In fact, this is also very easy to understand. For example, in a typical login scenario, the most important thing for business logic is to check whether the password matches the identity of the account number. However, risk control needs to pull out all the historical files of the login user, and then decide whether to release according to the risk control strategy. Therefore, when planning the resources to be used in risk analysis, please do not be stingy, and evaluate the resource requirements of risk analysis according to the standard of business 5x or even 10x.
If the information collection mainly focuses on the communication and coordination ability of the safety product manager, the design risk analysis function is more to test the logical thinking ability of the safety product manager.

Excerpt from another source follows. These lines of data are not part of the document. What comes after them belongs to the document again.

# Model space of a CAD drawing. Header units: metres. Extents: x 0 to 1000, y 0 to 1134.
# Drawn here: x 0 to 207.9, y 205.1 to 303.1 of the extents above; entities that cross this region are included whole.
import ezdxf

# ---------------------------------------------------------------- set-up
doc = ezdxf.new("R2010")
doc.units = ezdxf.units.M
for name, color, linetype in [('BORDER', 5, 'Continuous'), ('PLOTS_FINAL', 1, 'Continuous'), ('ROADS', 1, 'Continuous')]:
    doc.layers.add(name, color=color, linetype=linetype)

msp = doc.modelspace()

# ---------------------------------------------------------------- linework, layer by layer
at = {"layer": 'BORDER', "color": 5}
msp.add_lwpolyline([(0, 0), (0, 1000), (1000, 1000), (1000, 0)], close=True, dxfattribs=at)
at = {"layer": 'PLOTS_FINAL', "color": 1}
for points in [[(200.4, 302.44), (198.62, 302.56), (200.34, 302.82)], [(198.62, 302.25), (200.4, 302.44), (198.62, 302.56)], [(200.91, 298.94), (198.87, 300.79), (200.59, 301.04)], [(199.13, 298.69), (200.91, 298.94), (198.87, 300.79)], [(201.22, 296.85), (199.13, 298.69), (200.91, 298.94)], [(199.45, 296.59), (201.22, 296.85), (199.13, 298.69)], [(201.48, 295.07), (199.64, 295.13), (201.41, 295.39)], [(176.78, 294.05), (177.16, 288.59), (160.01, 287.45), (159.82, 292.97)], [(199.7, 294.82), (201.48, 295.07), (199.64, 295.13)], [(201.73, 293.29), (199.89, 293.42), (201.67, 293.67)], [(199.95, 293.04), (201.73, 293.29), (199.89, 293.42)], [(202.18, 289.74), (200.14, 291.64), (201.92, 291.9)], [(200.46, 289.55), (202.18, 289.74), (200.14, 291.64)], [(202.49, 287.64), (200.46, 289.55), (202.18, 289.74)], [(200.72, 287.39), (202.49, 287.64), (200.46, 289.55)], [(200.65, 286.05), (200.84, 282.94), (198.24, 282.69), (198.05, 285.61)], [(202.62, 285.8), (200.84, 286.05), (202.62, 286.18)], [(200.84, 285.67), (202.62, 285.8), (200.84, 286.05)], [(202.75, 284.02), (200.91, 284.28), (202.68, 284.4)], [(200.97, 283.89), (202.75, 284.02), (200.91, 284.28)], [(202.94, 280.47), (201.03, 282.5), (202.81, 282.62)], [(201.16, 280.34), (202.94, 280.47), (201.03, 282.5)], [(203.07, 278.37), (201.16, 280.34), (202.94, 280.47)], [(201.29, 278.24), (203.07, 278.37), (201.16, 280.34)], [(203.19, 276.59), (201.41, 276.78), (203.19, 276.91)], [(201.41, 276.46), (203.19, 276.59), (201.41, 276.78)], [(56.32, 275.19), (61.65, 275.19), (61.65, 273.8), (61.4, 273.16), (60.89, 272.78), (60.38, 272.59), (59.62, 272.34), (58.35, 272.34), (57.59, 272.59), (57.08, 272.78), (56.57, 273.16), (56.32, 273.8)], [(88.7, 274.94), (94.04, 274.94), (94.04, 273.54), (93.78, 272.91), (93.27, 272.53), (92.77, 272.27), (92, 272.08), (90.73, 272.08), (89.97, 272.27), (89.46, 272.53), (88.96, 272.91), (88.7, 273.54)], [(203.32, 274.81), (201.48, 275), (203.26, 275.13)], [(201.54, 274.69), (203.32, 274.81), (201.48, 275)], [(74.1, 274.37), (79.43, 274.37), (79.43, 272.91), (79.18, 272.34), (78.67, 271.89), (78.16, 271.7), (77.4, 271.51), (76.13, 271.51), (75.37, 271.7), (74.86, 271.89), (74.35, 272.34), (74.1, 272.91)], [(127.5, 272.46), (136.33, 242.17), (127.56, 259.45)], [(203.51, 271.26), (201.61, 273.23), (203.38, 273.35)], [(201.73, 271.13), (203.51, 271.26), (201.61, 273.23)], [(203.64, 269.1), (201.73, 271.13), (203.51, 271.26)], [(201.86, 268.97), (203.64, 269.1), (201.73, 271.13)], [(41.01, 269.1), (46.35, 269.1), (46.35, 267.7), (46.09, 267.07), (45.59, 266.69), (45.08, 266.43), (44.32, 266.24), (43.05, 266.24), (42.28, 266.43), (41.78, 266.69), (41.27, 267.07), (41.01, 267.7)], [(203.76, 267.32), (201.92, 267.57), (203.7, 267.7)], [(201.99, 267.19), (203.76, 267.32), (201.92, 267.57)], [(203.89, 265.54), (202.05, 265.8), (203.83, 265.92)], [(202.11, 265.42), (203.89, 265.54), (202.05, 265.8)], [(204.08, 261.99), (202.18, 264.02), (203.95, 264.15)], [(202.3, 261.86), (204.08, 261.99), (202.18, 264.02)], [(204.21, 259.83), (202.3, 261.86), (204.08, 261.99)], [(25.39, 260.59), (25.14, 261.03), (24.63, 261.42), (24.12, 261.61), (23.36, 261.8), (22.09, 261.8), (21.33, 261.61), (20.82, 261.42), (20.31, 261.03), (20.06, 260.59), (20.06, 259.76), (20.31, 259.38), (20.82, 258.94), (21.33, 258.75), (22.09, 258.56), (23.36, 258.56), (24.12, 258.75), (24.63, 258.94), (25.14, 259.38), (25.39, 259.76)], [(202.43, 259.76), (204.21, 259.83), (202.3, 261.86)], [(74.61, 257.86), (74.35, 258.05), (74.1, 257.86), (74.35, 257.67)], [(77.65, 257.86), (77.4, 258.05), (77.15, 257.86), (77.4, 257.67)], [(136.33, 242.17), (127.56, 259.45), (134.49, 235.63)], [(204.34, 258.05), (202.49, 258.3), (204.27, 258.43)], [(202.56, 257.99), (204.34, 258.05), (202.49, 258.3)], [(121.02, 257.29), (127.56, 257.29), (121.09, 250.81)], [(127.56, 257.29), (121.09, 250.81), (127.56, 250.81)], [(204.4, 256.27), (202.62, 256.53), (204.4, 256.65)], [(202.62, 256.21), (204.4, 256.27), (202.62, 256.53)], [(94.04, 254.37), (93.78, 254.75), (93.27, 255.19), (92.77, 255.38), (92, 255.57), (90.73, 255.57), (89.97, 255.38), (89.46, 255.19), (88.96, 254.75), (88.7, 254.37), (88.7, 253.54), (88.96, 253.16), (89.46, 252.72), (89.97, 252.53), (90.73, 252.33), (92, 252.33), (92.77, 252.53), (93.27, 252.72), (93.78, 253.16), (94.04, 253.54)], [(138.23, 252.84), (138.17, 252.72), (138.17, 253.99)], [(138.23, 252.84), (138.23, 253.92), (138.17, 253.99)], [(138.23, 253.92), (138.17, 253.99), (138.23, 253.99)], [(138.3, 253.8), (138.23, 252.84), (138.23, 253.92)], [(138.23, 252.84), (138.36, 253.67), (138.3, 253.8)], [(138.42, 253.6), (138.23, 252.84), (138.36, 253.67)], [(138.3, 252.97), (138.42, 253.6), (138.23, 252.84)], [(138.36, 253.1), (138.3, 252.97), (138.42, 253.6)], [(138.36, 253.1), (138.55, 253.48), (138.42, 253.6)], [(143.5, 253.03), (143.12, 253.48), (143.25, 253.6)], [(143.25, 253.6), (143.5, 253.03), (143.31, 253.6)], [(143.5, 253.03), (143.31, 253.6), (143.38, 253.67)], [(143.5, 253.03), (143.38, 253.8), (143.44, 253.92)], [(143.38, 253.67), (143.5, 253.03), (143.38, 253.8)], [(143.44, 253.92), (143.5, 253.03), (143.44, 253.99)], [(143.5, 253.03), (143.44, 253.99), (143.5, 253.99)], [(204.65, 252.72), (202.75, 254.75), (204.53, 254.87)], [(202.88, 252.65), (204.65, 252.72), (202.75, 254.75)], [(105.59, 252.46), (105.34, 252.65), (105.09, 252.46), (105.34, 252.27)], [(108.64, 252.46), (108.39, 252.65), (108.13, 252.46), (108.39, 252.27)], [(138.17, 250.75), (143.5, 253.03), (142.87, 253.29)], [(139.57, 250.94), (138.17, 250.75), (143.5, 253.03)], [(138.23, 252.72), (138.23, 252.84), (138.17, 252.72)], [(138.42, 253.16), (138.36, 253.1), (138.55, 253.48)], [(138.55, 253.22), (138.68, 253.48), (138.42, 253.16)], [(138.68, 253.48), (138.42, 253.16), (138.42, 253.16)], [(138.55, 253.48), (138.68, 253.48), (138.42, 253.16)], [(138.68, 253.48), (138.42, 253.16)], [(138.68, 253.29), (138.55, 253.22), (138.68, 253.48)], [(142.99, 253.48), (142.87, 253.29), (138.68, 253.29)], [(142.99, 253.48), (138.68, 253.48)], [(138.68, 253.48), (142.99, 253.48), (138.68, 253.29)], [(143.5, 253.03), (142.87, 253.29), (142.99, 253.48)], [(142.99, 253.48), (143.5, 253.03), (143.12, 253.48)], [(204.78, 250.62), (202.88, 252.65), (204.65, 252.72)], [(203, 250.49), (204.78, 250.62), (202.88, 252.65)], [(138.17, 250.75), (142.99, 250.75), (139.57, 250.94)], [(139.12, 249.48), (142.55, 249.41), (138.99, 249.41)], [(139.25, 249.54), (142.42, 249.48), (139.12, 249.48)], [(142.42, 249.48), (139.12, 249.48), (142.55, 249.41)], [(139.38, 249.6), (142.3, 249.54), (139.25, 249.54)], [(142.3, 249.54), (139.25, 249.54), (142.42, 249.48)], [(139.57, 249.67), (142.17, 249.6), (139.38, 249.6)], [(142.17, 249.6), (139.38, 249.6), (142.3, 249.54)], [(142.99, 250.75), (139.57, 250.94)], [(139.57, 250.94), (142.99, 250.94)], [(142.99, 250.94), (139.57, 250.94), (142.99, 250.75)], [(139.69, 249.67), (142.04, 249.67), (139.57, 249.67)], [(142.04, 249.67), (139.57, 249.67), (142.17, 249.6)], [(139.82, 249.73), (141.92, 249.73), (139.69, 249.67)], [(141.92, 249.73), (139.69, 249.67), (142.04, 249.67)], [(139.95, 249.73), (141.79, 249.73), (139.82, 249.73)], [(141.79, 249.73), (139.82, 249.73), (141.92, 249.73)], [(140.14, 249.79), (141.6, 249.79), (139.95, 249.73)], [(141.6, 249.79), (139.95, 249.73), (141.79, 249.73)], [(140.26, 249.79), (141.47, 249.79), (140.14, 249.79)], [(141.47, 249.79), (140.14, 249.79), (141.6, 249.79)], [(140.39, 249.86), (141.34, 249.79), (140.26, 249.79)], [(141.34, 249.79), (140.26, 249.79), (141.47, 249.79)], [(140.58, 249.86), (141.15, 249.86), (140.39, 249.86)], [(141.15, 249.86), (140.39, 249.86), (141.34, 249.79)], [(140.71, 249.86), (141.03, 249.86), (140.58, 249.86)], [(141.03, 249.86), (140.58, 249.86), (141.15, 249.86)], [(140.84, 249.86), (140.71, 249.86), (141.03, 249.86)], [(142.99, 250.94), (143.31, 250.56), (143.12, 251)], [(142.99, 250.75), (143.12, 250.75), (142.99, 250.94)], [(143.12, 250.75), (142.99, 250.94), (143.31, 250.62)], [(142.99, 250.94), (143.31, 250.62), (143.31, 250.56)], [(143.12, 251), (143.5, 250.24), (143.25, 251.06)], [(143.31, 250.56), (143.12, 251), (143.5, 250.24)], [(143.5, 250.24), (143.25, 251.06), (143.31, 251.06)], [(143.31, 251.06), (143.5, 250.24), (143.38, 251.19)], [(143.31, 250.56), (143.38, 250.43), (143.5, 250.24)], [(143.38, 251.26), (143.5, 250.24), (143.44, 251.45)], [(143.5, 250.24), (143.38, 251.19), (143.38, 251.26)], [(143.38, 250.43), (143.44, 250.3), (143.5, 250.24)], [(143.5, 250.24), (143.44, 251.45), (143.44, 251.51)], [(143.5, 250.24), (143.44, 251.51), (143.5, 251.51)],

At such a stage, the external miscellaneous communication and coordination has ended, but how to maximize the use of the foundation laid in the early stage requires a very clear understanding of the risk analysis and decision-making process, and there is also a better standard to test:
If the design of the platform is poor, only the designer can use it;
Well designed, you will find that the customer service and analysts who handle complaints will be happy to use your analysis platform to solve their problems.
Introduction to the author
Liu Ming, co-founder and chief product technology officer of Ma’an Technology
With more than 6 years of experience in risk control and product, he once worked in Netease and was responsible for the account system security of world of Warcraft in China. Now he leads the risk control team of Huaan Internet business to provide customers with risk control services including star products warden and red. Q.